* _WHAT THE TASK REQUIRES_
Please count the lines with the word "vector" in the material below, then state the number by itself.

* _DATA EXTRACTS_
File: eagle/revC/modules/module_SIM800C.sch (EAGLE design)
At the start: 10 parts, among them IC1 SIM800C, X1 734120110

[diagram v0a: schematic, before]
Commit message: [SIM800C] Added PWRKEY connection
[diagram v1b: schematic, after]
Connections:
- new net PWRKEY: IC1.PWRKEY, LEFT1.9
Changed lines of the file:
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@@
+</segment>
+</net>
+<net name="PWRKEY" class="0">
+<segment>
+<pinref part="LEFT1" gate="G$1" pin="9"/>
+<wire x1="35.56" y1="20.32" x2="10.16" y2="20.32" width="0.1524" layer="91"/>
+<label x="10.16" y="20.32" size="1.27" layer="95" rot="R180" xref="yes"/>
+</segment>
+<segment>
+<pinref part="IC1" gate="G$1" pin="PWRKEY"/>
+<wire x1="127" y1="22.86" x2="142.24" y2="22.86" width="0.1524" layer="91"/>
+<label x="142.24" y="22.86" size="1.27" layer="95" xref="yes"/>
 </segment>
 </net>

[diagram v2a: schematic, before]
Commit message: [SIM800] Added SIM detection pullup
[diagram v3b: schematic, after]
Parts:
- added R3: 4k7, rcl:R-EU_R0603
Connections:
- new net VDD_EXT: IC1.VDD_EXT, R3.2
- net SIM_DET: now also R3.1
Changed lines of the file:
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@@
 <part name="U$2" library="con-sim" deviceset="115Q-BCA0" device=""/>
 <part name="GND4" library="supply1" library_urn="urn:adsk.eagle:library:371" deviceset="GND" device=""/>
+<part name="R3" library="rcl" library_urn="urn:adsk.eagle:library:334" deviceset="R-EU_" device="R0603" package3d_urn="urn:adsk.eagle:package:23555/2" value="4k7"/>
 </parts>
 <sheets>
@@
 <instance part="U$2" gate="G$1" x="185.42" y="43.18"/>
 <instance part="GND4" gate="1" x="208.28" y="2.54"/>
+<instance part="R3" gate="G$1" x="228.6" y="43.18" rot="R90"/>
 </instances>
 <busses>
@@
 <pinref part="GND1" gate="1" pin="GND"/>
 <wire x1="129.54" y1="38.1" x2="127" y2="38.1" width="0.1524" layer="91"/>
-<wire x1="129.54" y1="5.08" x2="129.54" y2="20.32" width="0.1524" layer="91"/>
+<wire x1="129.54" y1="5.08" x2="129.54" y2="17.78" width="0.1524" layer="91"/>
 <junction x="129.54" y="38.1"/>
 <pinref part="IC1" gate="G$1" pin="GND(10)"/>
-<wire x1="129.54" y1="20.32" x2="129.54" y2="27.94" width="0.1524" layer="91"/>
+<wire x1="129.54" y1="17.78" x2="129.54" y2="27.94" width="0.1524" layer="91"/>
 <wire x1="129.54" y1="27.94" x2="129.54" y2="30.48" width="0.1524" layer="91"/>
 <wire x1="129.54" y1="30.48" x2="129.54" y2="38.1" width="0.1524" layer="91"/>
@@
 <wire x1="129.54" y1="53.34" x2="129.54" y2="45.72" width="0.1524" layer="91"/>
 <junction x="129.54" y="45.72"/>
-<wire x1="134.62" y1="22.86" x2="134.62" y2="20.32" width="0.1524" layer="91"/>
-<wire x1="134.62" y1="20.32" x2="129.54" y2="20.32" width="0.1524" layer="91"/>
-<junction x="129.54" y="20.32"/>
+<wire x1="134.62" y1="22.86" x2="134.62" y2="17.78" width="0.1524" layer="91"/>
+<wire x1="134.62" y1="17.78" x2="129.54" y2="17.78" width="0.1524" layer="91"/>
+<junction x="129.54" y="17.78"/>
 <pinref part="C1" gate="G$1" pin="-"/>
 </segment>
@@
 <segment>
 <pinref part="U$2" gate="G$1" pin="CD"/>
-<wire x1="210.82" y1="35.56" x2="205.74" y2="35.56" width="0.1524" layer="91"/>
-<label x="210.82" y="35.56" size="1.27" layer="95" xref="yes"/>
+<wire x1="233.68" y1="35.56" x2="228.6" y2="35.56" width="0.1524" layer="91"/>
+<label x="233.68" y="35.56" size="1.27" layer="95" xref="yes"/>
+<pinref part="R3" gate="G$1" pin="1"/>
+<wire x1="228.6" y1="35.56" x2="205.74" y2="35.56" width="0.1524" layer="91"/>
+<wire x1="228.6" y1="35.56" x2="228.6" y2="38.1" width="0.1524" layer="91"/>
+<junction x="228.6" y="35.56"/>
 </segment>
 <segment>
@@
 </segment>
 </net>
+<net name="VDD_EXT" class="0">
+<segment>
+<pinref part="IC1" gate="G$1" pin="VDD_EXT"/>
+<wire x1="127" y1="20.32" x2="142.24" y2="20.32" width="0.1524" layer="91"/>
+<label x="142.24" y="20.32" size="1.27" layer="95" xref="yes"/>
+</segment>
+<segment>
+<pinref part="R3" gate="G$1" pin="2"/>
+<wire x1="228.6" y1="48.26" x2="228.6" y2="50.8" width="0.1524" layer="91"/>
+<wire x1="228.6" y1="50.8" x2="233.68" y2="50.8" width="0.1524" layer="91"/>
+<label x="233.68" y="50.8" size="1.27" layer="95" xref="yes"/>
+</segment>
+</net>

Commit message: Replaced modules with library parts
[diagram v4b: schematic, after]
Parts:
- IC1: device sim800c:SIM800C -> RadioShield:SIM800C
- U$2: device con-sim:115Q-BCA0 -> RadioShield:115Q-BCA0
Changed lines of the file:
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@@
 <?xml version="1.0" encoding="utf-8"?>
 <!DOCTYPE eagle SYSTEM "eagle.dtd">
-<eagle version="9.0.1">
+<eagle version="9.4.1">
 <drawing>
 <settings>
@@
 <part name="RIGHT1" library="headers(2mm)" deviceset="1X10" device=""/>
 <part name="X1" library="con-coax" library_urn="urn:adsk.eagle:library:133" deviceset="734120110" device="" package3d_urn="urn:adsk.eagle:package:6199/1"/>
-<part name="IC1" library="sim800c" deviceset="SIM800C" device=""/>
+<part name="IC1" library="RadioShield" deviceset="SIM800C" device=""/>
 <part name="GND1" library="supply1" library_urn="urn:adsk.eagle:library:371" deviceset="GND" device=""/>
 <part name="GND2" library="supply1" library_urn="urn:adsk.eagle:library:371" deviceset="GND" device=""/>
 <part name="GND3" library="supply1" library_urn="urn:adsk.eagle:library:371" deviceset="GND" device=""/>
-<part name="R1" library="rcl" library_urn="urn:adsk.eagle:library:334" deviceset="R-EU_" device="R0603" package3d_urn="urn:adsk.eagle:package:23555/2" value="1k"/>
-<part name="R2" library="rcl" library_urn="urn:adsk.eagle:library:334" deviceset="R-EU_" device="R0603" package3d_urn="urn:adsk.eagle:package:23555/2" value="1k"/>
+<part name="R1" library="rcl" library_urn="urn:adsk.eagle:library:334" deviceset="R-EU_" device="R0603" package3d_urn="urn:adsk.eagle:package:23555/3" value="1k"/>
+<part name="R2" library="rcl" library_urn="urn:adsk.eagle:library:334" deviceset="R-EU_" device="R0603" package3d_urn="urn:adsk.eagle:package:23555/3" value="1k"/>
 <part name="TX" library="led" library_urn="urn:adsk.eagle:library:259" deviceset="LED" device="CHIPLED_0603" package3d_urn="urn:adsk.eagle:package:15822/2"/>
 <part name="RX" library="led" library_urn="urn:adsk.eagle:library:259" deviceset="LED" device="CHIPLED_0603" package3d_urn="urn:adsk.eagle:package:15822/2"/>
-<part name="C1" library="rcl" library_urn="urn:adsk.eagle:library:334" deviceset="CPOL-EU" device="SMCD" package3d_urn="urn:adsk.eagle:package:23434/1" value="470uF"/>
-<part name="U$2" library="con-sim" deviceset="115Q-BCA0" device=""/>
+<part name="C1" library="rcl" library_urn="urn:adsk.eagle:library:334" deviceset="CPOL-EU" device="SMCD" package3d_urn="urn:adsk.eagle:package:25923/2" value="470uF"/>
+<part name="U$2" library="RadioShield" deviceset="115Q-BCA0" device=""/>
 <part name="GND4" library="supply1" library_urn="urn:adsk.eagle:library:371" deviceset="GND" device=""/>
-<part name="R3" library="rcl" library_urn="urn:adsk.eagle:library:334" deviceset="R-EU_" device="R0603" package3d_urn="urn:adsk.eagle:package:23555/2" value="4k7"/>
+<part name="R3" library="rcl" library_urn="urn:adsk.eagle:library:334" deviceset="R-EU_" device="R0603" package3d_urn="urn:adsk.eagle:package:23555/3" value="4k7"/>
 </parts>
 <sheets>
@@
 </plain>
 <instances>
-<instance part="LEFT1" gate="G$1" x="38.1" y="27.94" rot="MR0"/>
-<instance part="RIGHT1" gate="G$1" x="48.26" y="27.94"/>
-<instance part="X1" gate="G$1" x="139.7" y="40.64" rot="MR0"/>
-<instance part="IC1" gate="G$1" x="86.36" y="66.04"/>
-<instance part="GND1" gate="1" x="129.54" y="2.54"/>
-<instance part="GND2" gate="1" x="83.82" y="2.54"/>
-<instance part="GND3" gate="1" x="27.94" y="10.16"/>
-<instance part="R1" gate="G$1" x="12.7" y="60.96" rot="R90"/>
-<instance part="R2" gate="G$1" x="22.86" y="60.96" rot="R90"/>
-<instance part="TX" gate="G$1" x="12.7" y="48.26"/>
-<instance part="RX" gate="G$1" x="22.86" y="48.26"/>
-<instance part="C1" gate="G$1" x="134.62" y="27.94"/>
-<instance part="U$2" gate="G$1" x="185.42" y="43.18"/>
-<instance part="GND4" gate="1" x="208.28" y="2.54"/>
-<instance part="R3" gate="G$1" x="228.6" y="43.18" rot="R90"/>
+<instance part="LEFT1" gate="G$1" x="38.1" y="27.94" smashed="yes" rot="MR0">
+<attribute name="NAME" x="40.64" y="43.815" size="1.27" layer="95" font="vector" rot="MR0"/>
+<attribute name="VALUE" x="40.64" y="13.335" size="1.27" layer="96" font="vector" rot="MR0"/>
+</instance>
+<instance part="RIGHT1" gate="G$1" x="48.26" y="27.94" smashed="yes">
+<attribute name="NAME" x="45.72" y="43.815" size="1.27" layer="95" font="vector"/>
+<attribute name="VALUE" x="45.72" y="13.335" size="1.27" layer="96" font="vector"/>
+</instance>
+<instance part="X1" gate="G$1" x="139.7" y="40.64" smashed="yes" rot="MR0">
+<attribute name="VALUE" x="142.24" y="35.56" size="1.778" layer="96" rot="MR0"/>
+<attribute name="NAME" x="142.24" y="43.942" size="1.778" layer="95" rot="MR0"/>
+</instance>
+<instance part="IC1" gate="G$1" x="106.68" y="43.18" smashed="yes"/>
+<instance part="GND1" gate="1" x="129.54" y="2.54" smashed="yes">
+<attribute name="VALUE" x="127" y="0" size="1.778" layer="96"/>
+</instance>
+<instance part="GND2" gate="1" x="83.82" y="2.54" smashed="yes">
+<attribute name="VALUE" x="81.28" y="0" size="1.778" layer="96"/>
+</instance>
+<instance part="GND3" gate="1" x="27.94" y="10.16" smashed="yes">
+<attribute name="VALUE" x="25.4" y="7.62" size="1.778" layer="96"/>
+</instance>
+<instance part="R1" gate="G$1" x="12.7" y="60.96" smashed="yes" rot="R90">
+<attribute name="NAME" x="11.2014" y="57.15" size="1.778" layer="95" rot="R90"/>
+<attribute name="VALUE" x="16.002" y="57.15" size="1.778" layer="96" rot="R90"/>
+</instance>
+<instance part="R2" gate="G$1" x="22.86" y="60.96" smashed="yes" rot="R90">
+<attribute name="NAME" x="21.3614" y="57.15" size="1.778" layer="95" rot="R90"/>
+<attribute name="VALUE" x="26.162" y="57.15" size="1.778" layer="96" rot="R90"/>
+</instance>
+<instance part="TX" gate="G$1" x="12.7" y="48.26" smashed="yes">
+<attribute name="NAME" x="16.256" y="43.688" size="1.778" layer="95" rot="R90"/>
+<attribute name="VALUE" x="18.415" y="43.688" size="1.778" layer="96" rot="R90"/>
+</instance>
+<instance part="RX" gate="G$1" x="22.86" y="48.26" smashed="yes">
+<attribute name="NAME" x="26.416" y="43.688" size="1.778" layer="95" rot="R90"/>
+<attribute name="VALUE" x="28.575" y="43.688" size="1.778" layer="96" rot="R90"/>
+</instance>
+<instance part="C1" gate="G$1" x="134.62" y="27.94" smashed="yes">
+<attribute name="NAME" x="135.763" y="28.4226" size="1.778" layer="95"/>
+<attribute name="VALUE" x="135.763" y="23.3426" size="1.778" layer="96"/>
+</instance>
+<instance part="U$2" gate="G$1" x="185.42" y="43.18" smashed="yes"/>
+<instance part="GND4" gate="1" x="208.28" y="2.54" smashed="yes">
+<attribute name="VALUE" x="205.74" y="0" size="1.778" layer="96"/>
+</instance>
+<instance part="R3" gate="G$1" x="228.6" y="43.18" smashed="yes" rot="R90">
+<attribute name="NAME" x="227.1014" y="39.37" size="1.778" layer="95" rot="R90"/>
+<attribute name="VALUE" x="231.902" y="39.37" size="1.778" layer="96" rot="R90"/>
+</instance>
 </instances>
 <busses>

* _FINAL ANSWER_
4